Fortunately, Tod F. Stuessy's 1972 "Revision of the Genus Melampodium (Compositae: Heliantheae)" was freely available online, and this wonderful publication included drawings of representative fruit types found in the genus Melampodium. His drawing of a cypsela with a "hood" and a dark, grainy, attenuated base matched our capitula's five green mystery items.

Using Stuessy's identification key, our plant revealed itself as MELAMPODIUM SERICEUM, sometimes known as Rough Blackfoot Daisy. The blackfoot part of the name is of uncertain origin. Some say that the genus name Melampodium may be derived from the Greek melas, meaning black, and podion meaning foot, but others insist that it comes from the name of Melampus, a famous soothsayer in Greek mythology. Whatever the case, our plants have no black feet, and that's just the way common names go.

Our plant turned out not to be very mysterious after all. Stuessy describes the ray, or ligule, length in this species as 0.8-2.2mm long (1/32-3/32 inch), and our picture with the ruler is agreeable with that. Probably our picture of one capitulum with very tiny rays and another with more developed ones simply shows two capitula at different stages of development. Our plant being a young one probably also explains why its capitula appear to have no or very short peduncles, instead of the longer ones seen in images of the species. Instead of mystery, I'm left astonished that the genus Melampodium is capable of such diverse appearances, and flexibility within its species.

Rough Blackfoot Daisy occurs from northwestern Mexico south in uplands to El Salvador, mainly at elevations of 1100-2590m (3500-8500), in oak and pine forests, as well as in disturbed areas from cornfields and roadsides to abandoned lots in towns.

Our plant must be too small to be thought of as "useful" to people, other than livestock eating them. However, Jamie McCann and others, for their 2018 publication "Origin and Genomic Evolution of Polyploid Complexes in the Melampodium (Asteraceae)," developed some interesting facts about the species. They found that Melampodium sericeum is an "allohexaploid derivative" of the allotetraploid species Melampodium strigosum, which it looks very much like. Moreover, our species' genes indicate that it arose during the Pleistocene Epoch, or "Ice age," some 1.4 million years ago, which is fairly recent in terms of evolution and geological time.

Being an "allohexaploid derivative of an allotetraploid" means that our species spontaneously and instantly came into being, possessing six times the normal number of two sets of chromosomes. The mother species, Melampodium strigosum, herself already possessed four times the normal number. Especially among mammals and birds, such error-based multiplication of chromosomes, this "polyploidy," normally is fatal, though over time it's become common among plant species surviving today. Moreover, sometimes newly appeared polyploid species do very well, and even may eventually produce their own polyploid offspring species with even more chromosomes, as in the case of our blackfoot daisy.
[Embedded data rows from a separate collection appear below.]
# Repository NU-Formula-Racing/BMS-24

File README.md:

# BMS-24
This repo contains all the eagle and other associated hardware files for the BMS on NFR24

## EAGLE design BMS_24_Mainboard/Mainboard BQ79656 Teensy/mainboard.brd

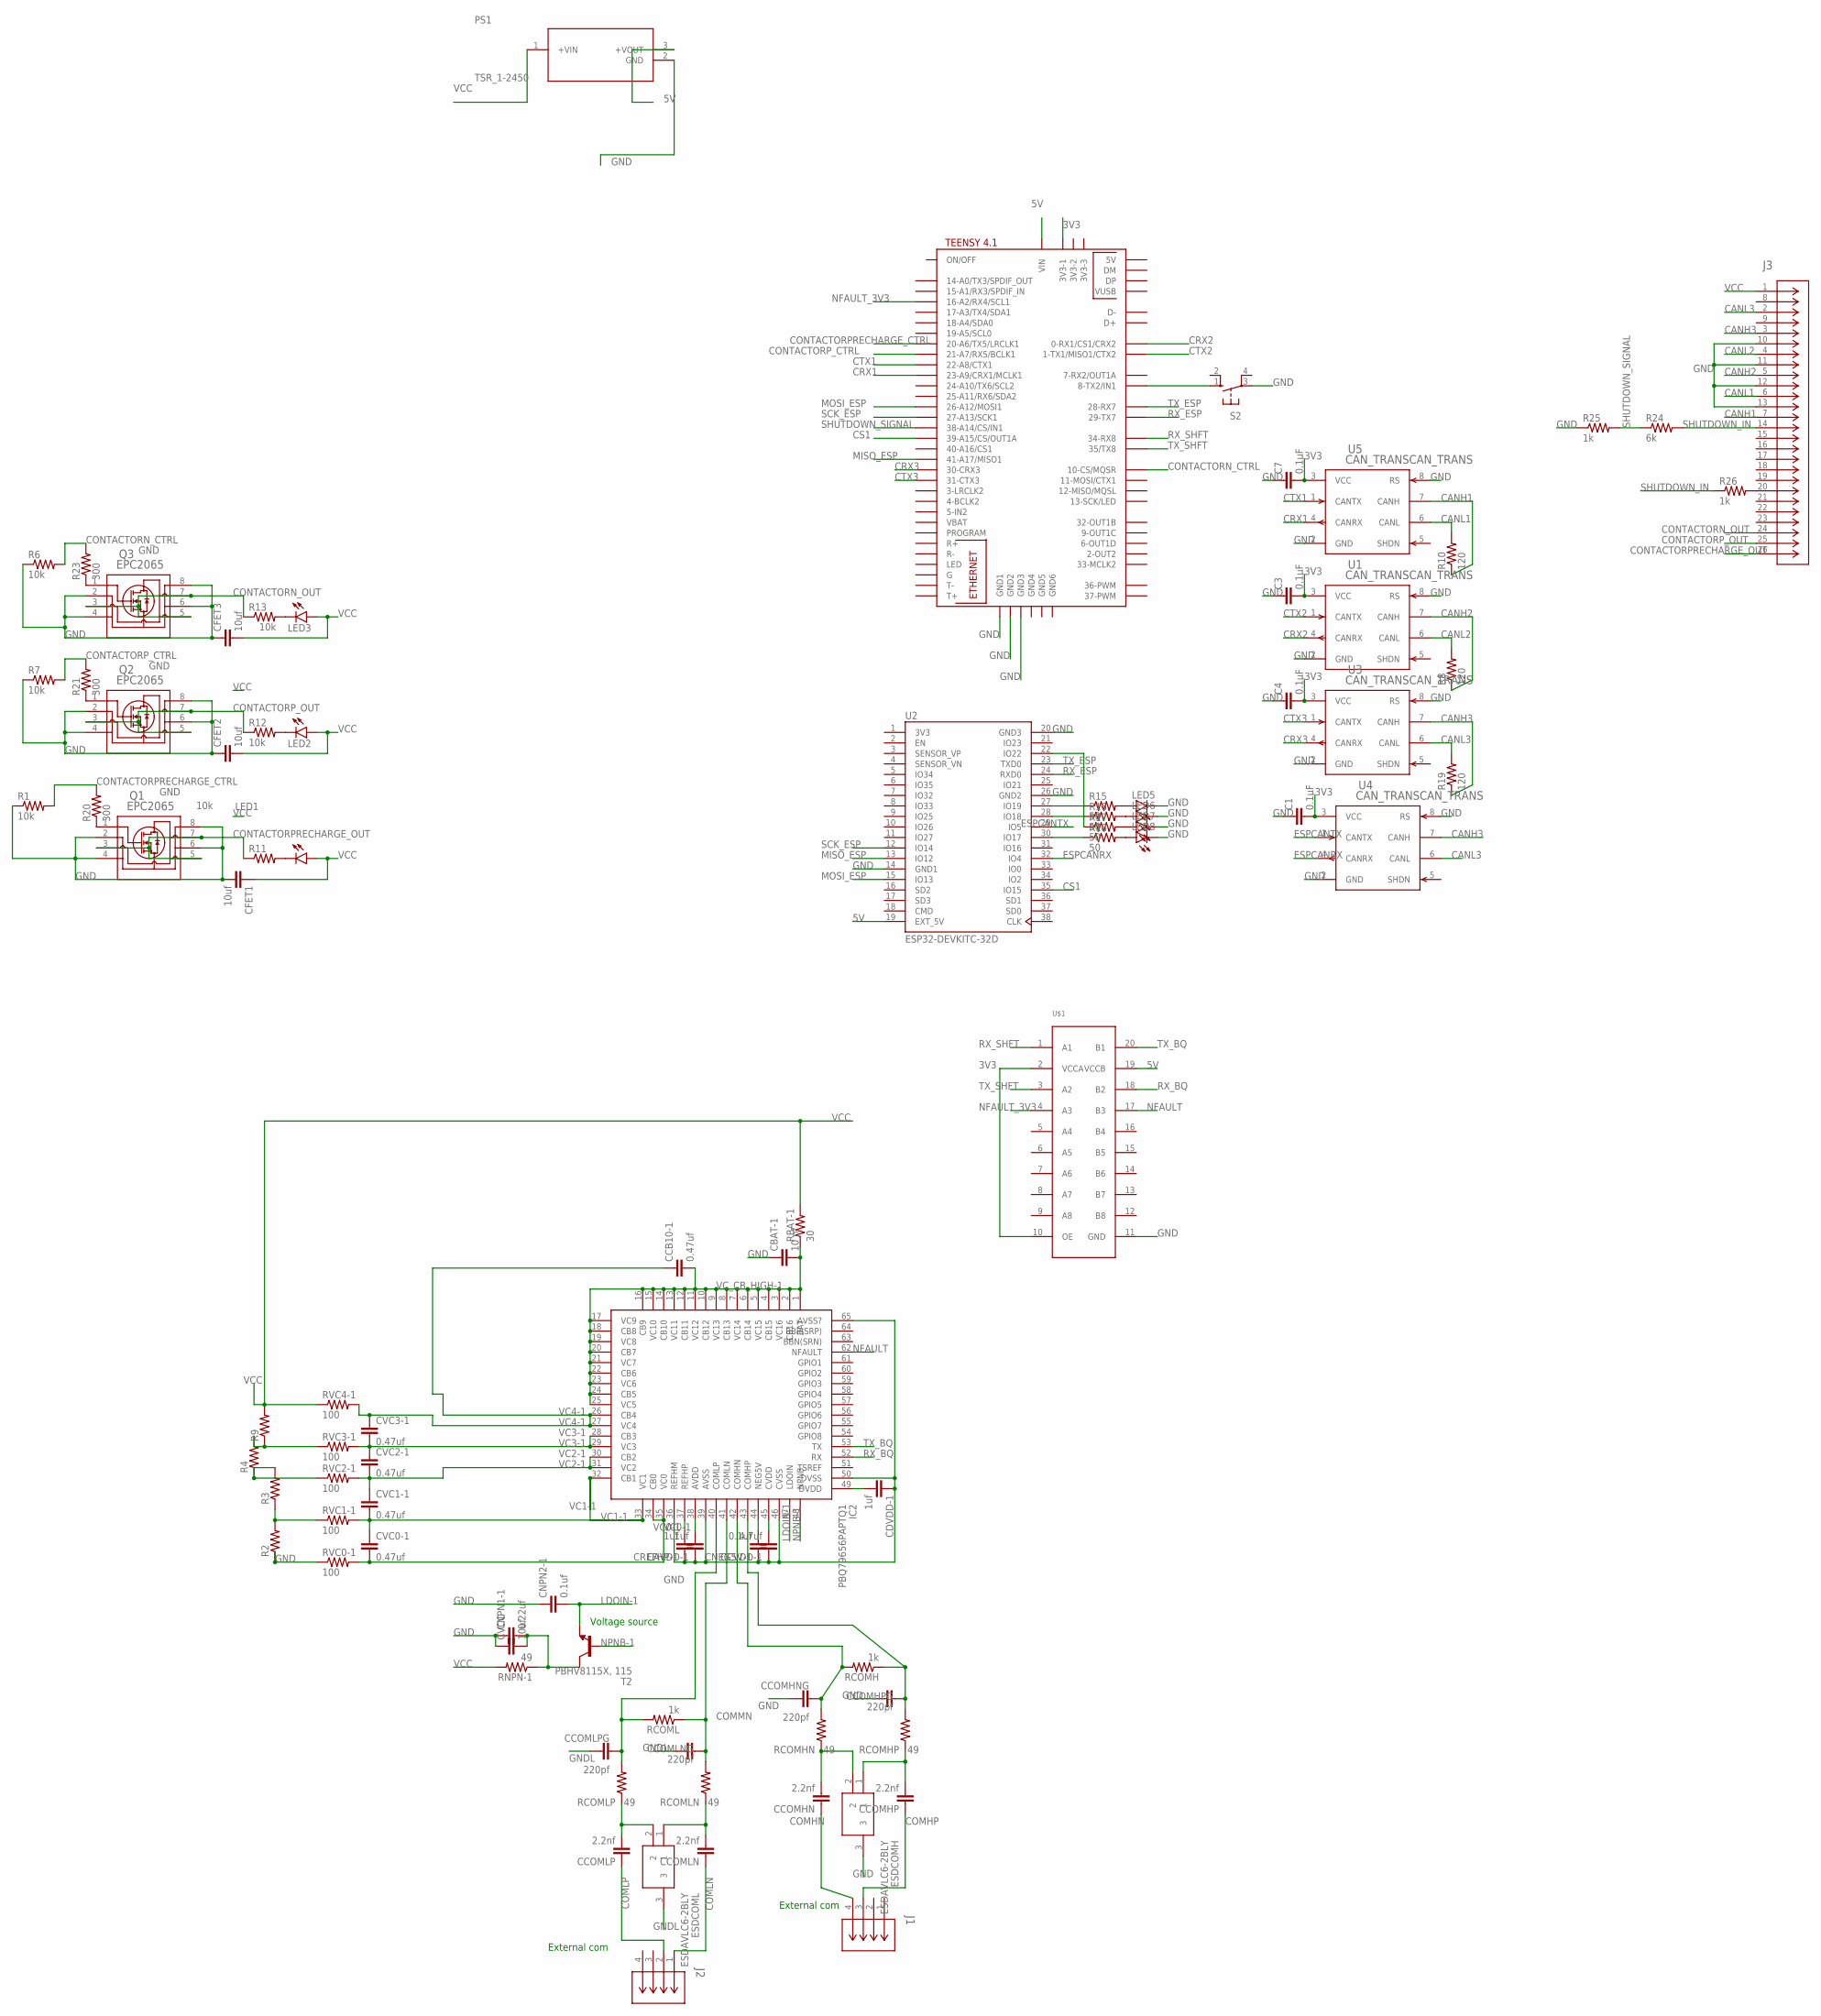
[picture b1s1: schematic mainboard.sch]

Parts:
C1, C3, C4, C7: 0.1μF; C0603
CAVDD-1: 1uf; C0603
CBAT-1: 10 nf; C0603
CCB10-1: 0.47uf; C0603
CCOMHN: 2.2nf; C075-032X103
CCOMHNG: 220pf; C0603
CCOMHP: 2.2nf; C075-032X103
CCOMHPG: 220pf; C0603
CCOMLN: 2.2nf; C075-032X103
CCOMLNG: 220pf; C0603
CCOMLP: 2.2nf; C075-032X103
CCOMLPG: 220pf; C0603
CCVDD-1: 4.7uf; C0603
CDVDD-1: 1uf; C0603
CFET1, CFET2, CFET3: 10uf; C0805
CNEG5V-1: 0.1uf; C0603
CNPN1-1: 0.22uf; C0603
CNPN2-1: 0.1uf; C0603
CREFHP-1: 1uf; C0603
CVC0-1, CVC1-1, CVC2-1, CVC3-1: 0.47uf; C0603
CVCC: 10uf; C0805
ESDCOMH: ESDAVLC6-2BLY; SOT95P255X150-3N
ESDCOML: ESDAVLC6-2BLY; SOT95P255X150-3N
IC2: PBQ79656PAPTQ1; QFP50P1200X1200X120-65N
J1, J2: DF11-4DP-2DSA(24); CON4_2X2_UF_DF11_HIR
J3: TE_AMP_SURESEAL_26; CONN26_6473423-1_TEC
LED1, LED2, LED3, LED5, LED6, LED7, LED8: LEDSML0603; SML0603
PS1: TSR_1-2450; TSR1-SINGLE_TRP
Q1, Q2, Q3: EPC2065; EPC2065_ECC
R1, R6, R7, R11, R12, R13: 10k; R0603
R2, R3, R4, R9: R-US_R0805; R0805
R8, R10, R19: 120; R0603
R15, R16, R17, R18: 50; R0603
R20, R21, R23: 300; R0603
R24: 6k; R0603
R25, R26: 1k; R0603
RBAT-1: 30; R0603
RCOMH: 1k; R0603
RCOMHN: 49; R0603
RCOMHP: 49; R0603
RCOML: 1k; R0603
RCOMLN: 49; R0603
RCOMLP: 49; R0603
RNPN-1: 49; R0603
RVC0-1, RVC1-1, RVC2-1, RVC3-1, RVC4-1: 100; R0603
S2: 10-XX; B3F-10XX
T2: PBHV8115X, 115; SOT89-BCE
U1, U3, U4, U5: CAN_TRANSCAN_TRANS; MAX3051ESA+
U2: ESP32-DEVKITC-32D; MODULE_ESP32-DEVKITC-32D
U$1: TXB0108PWSMD; TSSOP20
U$3: TEENSY41

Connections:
3V3: C1.2, C3.2, C4.2, C7.2, U1.3 (VCC), U2.1 (3V3), U3.3 (VCC), U4.3 (VCC), U5.3 (VCC), U$1.2 (VCCA), U$1.10 (OE), U$3.3V3-1
5V: PS1.3 (+VOUT), U2.19 (EXT_5V), U$1.19 (VCCB), U$3.VIN
CANH1: J3.7, R10.1, U5.7 (CANH)
CANH2: J3.5, R8.1, U1.7 (CANH)
CANH3: J3.3, R19.1, U3.7 (CANH), U4.7 (CANH)
CANL1: J3.6, R10.2, U5.6 (CANL)
CANL2: J3.4, R8.2, U1.6 (CANL)
CANL3: J3.2, R19.2, U3.6 (CANL), U4.6 (CANL)
COMHN: CCOMHN.1, J1.4
COMHP: CCOMHP.1, J1.3
COMLN: CCOMLN.1, J2.1
COMLP: CCOMLP.1, J2.2
CONTACTORN_CTRL: R6.2, R23.2, U$3.10-CS\MQSR (10-CS/MQSR)
CONTACTORN_OUT: J3.24, Q3.3, Q3.5, Q3.7, R13.1
CONTACTORPRECHARGE_CTRL: R1.2, R20.2, U$3.20-A6/TX5/LRCLK1
CONTACTORPRECHARGE_OUT: J3.26, Q1.3, Q1.5, Q1.7, R11.1
CONTACTORP_CTRL: R7.2, R21.2, U$3.21-A7/RX5/BCLK1
CONTACTORP_OUT: J3.25, Q2.3, Q2.5, Q2.7, R12.1
CRX1: U5.4 (CANRX), U$3.23-A9/CRX1/MCLK1
CRX2: U1.4 (CANRX), U$3.0-RX1/CS1/CRX2
CRX3: U3.4 (CANRX), U$3.30-CRX3
CS1: U2.35 (IO15), U$3.39-A15/CS/OUT1A
CTX1: U5.1 (CANTX), U$3.22-A8/CTX1
CTX2: U1.1 (CANTX), U$3.1-TX1/MISO1/CTX2
CTX3: U3.1 (CANTX), U$3.31-CTX3
CVDD-1: CCVDD-1.2, IC2.45 (CVDD)
ESPCANRX: U2.32 (IO4), U4.4 (CANRX)
ESPCANTX: U2.29 (IO5), U4.1 (CANTX)
GND: C1.1, C3.1, C4.1, C7.1, CAVDD-1.1, CBAT-1.1, CCOMHNG.1, CCOMHPG.1, CCVDD-1.1, CDVDD-1.1, CFET1.2, CFET2.1, CFET3.1, CNEG5V-1.1, CNPN1-1.1, CNPN2-1.1, CREFHP-1.1, CVCC.1, ESDCOMH.3, IC2.36 (REFHM), IC2.39 (AVSS), IC2.46 (CVSS), IC2.50 (DVSS), IC2.65 (AVSS?), J3.10, J3.11, J3.12, J3.13, LED5.C, LED6.C, LED7.C, LED8.C, PS1.2 (GND), Q1.2, Q1.4, Q1.6, Q1.8, Q2.2, Q2.4, Q2.6, Q2.8, Q3.2, Q3.4, Q3.6, Q3.8, R1.1, R2.1, R6.1, R7.1, R25.1, RVC0-1.1, S2.3, U1.2 (GND), U1.8 (RS), U2.14 (GND1), U2.20 (GND3), U2.26 (GND2), U3.2 (GND), U3.8 (RS), U4.2 (GND), U4.8 (RS), U5.2 (GND), U5.8 (RS), U$1.11 (GND), U$3.GND1, U$3.GND2, U$3.GND3
GNDL: CCOMLNG.1, CCOMLPG.1, ESDCOML.3
LDOIN-1: CNPN2-1.2, IC2.47 (LDOIN), T2.E
MISO_ESP: U2.13 (IO12), U$3.41-A17/MISO1
MOSI_ESP: U2.15 (IO13), U$3.26-A12/MOSI1
unnamed: CCOMHP.2, ESDCOMH.1, RCOMHP.1
unnamed: J3.20, R26.2
unnamed: LED3.C, R13.2
unnamed: S2.1 (S), U$3.8-TX2/IN1
unnamed: CCOMHN.2, ESDCOMH.2, RCOMHN.1
unnamed: LED2.C, R12.2
unnamed: CCOMLNG.2, IC2.41 (COMLN), RCOML.1, RCOMLN.2
unnamed: R17.1, U2.22 (IO22)
unnamed: LED1.C, R11.2
unnamed: Q1.1, R20.1
unnamed: Q2.1, R21.1
unnamed: R15.1, U2.27 (IO19)
unnamed: R16.1, U2.28 (IO18)
unnamed: Q3.1, R23.1
unnamed: R18.1, U2.30 (IO17)
unnamed: LED5.A, R15.2
unnamed: LED6.A, R16.2
unnamed: LED7.A, R17.2
unnamed: LED8.A, R18.2
unnamed: CCOMLPG.2, IC2.40 (COMLP), RCOML.2, RCOMLP.2
unnamed: CCOMLP.2, ESDCOML.2, RCOMLP.1
unnamed: CCOMLN.2, ESDCOML.1, RCOMLN.1
unnamed: R3.2, R4.1, RVC2-1.1
unnamed: R2.2, R3.1, RVC1-1.1
unnamed: R4.2, R9.1, RVC3-1.1
unnamed: CREFHP-1.2, IC2.37 (REFHP)
unnamed: CAVDD-1.2, IC2.38 (AVDD)
unnamed: CNEG5V-1.2, IC2.44 (NEG5V)
unnamed: CDVDD-1.2, IC2.49 (DVDD)
unnamed: CNPN1-1.2, CVCC.2, RNPN-1.1, T2.C
unnamed: CCOMHPG.2, IC2.43 (COMHP), RCOMH.1, RCOMHP.2
unnamed: CCOMHNG.2, IC2.42 (COMHN), RCOMH.2, RCOMHN.2
NFAULT: IC2.62 (NFAULT), U$1.17 (B3)
NFAULT_3V3: U$1.4 (A3), U$3.16-A2/RX4/SCL1
NPNB-1: IC2.48 (NPNB), T2.B
RX_BQ: IC2.52 (RX), U$1.18 (B2)
RX_ESP: U2.24 (RXD0), U$3.29-TX7
RX_SHFT: U$1.1 (A1), U$3.34-RX8
SCK_ESP: U2.12 (IO14), U$3.27-A13/SCK1
SHUTDOWN_IN: J3.14, R24.2, R26.1
SHUTDOWN_SIGNAL: R24.1, R25.2, U$3.38-A14/CS/IN1
TX_BQ: IC2.53 (TX), U$1.20 (B1)
TX_ESP: U2.23 (TXD0), U$3.28-RX7
TX_SHFT: U$1.3 (A2), U$3.35-TX8 (35/TX8)
VC0-1: CVC0-1.2, IC2.34 (CB0), IC2.35 (VC0), RVC0-1.2
VC1-1: CVC0-1.1, CVC1-1.2, IC2.32 (CB1), IC2.33 (VC1), RVC1-1.2
VC2-1: CVC1-1.1, CVC2-1.2, IC2.30 (CB2), IC2.31 (VC2), RVC2-1.2
VC3-1: CVC2-1.1, CVC3-1.2, IC2.28 (CB3), IC2.29 (VC3), RVC3-1.2
VC4-1: CCB10-1.1, CVC3-1.1, IC2.26 (CB4), IC2.27 (VC4), RVC4-1.2
VCC: CFET1.1, CFET2.2, CFET3.2, J3.1, LED1.A, LED2.A, LED3.A, PS1.1 (+VIN), R9.2, RBAT-1.2, RNPN-1.2, RVC4-1.1
VC_CB_HIGH-1: CBAT-1.2, CCB10-1.2, IC2.1 (BAT), IC2.2 (CB16), IC2.3 (VC16), IC2.4 (CB15), IC2.5 (VC15), IC2.6 (CB14), IC2.7 (VC14), IC2.8 (CB13), IC2.9 (VC13), IC2.10 (CB12), IC2.11 (VC12), IC2.12 (CB11), IC2.13 (VC11), IC2.14 (CB10), IC2.15 (VC10), IC2.16 (CB9), IC2.17 (VC9), IC2.18 (CB8), IC2.19 (VC8), IC2.20 (CB7), IC2.21 (VC7), IC2.22 (CB6), IC2.23 (VC6), IC2.24 (CB5), IC2.25 (VC5), RBAT-1.1

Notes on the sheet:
External com
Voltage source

In fact, polyploidy probably is responsible for why Melampodium sericeum is so commonly found in very disturbed habitats in which most plants can't survive: Our plant has such genetic diversity within its six complete sets of chromosomes that when it's challenged, there's more likelihood of some of its genes offering a workaround for the problem, than if it were a normal species with only two sets of chromosomes.

What a remarkable creation our quirky-looking little weed turned out to be.